Assessment of the Dynamic Behaviour of an Organic Rankine Cycle (ORC)-Based Carnot Battery System

Long-term energy storage technologies are fundamental to fully exploit renewable sources characterized by high variability. The Organic Rankine Cycle (ORC)-based Carnot Battery system represents an emerging technology as a long-term energy storage device thanks to its lower cost, high capacity and absence of geographical restrictions. Indeed, compared to electrical energy storage Carnot Batteries ensure a lower cost and longer storage duration. In particular, the integration of a Heat Pump with an ORC-based power unit allows to achieve higher power-to-power efficiency values. Indeed, ORC-based power units ensure to exploit low thermal heat source typical of these units. In Carnot Batteries, ORC units are driven by a Thermal Energy Storage (TES) system whose temperature is often limited to 60-150 °C when pressurized water is used. Despite the huge effort in the analysis of Carnot Battery benefits, few works are observed in literature about the of ORC-based unit section model-based improvement and the assessment of dynamic behaviour. This knowledge is fundamental to develop reliable operating control strategies to ensure ORC-based power unit works always in proper conditions. To perform this assessment, a complete thermo-fluid-dynamic model of the ORC-based unit section was developed in GT-SuiteTM environment and validated on experimental values collected in the literature.

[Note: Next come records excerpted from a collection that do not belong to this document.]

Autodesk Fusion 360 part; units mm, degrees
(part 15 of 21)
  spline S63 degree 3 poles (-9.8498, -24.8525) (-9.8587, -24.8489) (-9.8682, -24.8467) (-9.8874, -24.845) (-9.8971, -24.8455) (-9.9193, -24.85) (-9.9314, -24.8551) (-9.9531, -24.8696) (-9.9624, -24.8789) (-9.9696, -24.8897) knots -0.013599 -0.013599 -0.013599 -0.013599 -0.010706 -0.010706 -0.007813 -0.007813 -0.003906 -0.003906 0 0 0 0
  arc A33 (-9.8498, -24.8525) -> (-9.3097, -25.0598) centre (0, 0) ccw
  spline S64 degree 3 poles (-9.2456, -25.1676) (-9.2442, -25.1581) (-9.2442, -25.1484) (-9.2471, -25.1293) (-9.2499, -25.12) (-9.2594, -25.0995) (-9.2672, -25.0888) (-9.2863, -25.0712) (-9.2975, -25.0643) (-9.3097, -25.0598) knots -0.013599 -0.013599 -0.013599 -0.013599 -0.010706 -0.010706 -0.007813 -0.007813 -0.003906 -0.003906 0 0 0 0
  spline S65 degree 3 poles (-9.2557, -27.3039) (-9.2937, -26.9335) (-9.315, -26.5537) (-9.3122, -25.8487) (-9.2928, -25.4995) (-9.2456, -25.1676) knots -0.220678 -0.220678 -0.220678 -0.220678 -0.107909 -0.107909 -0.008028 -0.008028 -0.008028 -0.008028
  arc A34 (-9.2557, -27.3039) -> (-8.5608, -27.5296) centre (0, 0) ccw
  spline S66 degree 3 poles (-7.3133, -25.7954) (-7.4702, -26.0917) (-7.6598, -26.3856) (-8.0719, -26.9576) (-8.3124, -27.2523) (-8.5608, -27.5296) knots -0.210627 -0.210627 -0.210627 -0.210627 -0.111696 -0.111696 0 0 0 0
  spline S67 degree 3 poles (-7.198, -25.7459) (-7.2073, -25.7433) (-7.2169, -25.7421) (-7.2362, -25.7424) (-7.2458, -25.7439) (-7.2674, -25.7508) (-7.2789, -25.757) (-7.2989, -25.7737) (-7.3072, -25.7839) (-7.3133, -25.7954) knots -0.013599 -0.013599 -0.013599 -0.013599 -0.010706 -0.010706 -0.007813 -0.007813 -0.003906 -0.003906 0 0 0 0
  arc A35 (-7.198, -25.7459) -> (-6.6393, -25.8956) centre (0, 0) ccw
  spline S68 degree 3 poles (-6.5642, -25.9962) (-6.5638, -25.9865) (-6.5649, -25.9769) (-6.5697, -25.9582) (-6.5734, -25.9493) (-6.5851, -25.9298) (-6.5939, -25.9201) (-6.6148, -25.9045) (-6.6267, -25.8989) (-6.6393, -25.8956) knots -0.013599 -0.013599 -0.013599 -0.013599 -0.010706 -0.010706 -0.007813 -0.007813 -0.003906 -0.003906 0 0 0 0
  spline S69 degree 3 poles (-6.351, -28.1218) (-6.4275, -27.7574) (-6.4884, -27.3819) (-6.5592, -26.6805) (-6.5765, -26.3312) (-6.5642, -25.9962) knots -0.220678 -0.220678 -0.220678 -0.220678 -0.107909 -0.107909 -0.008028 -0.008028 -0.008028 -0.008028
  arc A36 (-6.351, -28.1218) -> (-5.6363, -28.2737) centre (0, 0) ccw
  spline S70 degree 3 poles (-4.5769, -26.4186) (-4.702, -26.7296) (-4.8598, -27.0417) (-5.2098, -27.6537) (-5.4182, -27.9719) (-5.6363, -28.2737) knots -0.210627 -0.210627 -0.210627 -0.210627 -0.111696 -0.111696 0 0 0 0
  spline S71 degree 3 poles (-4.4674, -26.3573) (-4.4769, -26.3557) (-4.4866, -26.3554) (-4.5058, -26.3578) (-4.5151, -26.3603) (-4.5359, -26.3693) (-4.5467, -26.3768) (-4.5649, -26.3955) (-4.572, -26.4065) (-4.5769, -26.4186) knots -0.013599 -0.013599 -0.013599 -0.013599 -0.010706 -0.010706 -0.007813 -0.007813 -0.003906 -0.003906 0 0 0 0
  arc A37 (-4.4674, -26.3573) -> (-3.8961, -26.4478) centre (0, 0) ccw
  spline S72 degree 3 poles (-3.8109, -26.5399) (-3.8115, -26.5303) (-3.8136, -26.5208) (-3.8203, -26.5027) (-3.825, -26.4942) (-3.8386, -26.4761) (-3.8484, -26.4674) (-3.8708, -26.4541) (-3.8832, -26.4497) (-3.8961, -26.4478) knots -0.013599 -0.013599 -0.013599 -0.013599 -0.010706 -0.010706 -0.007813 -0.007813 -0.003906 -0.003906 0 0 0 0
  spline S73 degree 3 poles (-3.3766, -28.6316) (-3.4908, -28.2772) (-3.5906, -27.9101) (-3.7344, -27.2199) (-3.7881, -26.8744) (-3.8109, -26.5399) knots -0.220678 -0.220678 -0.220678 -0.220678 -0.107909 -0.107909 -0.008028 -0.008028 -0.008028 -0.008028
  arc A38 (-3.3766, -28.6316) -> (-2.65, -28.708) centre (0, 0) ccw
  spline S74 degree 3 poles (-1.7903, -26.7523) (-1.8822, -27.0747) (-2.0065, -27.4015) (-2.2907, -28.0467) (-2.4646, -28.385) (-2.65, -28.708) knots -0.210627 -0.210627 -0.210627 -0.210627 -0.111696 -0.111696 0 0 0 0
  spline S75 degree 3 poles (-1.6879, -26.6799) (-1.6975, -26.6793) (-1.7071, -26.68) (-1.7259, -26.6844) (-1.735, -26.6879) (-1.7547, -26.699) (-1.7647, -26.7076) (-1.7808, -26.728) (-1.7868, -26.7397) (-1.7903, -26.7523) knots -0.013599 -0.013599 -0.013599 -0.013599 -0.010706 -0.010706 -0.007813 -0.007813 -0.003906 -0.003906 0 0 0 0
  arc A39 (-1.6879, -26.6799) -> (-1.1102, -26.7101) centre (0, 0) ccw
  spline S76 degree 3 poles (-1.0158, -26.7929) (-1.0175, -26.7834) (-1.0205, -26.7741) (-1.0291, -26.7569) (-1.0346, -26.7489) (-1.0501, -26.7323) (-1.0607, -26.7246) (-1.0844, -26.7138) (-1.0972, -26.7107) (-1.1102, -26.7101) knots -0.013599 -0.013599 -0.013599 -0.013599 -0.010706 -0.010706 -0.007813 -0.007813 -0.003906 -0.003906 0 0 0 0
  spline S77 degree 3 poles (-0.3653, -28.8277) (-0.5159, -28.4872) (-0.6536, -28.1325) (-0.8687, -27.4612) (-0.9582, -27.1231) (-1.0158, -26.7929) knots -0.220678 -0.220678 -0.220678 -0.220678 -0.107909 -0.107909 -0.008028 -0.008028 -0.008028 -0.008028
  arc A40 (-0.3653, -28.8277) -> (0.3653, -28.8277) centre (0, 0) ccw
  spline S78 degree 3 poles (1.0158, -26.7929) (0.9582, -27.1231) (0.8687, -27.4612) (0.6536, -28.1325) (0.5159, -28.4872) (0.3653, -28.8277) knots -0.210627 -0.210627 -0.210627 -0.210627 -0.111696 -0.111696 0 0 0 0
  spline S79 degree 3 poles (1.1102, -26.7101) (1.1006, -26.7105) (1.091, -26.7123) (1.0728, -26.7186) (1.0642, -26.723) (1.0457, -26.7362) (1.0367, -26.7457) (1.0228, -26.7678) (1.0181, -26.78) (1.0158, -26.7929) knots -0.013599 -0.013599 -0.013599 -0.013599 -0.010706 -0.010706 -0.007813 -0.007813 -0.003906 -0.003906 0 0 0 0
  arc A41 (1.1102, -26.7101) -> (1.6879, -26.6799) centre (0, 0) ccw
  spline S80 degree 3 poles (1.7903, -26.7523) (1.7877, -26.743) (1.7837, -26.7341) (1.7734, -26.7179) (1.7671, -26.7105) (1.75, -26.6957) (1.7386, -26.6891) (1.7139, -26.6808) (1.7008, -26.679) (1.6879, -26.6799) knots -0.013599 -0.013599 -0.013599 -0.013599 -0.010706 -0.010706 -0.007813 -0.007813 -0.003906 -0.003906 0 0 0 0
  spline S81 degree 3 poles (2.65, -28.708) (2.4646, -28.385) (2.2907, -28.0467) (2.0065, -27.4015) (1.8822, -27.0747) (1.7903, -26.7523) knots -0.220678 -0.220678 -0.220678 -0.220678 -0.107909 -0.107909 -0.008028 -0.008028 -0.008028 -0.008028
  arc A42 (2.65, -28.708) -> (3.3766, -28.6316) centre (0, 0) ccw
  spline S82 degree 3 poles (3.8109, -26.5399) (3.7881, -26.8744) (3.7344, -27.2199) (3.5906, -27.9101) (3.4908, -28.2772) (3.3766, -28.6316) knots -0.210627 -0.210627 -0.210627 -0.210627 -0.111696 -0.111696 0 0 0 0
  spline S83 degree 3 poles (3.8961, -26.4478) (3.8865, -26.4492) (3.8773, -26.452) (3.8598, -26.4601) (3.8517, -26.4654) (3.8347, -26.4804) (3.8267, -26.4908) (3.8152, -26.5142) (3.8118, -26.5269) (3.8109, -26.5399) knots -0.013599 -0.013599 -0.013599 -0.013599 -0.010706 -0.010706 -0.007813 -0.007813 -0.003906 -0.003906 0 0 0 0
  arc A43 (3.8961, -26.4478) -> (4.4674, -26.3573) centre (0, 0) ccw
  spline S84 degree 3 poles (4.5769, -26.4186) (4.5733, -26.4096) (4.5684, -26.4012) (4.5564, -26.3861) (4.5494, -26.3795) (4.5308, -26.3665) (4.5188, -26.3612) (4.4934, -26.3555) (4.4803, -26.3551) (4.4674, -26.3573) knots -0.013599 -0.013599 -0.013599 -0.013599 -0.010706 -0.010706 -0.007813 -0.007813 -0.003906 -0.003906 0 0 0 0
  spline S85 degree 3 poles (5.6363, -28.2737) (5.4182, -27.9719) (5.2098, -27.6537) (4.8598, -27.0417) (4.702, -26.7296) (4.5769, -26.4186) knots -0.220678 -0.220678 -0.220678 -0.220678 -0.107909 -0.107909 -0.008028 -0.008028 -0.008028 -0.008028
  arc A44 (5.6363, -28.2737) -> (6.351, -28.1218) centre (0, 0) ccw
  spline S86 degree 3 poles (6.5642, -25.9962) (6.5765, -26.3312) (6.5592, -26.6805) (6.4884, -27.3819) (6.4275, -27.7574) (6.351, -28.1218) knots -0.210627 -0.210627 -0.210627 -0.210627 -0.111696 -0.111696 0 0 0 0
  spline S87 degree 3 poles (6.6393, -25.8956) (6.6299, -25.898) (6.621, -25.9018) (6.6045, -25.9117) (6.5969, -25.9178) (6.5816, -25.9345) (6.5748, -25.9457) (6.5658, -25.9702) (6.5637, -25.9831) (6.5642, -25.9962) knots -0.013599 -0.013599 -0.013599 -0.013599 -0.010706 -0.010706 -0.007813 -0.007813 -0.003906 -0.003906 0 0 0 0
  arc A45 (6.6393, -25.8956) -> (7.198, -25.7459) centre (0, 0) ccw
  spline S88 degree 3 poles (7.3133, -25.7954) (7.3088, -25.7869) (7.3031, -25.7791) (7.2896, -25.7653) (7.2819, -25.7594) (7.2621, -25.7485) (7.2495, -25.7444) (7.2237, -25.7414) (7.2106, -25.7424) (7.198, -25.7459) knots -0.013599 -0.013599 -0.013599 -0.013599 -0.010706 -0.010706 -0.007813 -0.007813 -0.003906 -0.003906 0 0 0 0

Once validated, the model was adopted as a software-platform to observe possible plant improvements. In particular, a Sliding Rotary Vane Pump was introduced as a replacement for the baseline conditions and a fluid receiver was installed upstream the pump itself with the aim of reducing the expander outlet pressure, thus increasing the power production. The numerical analysis shows that these plant modifications ensure to double the power production, boosting the plant efficiency from 2.9 up to 5.6%. Finally, the benefits were observed under dynamic conditions with sudden and large variations in hot water temperature. With an appropriate modification of the pump speed, the power production varies in a range between 1.5 and 3.5 kW with an efficiency between 4 and 6%, confirming the operability robustness of the optimized plant.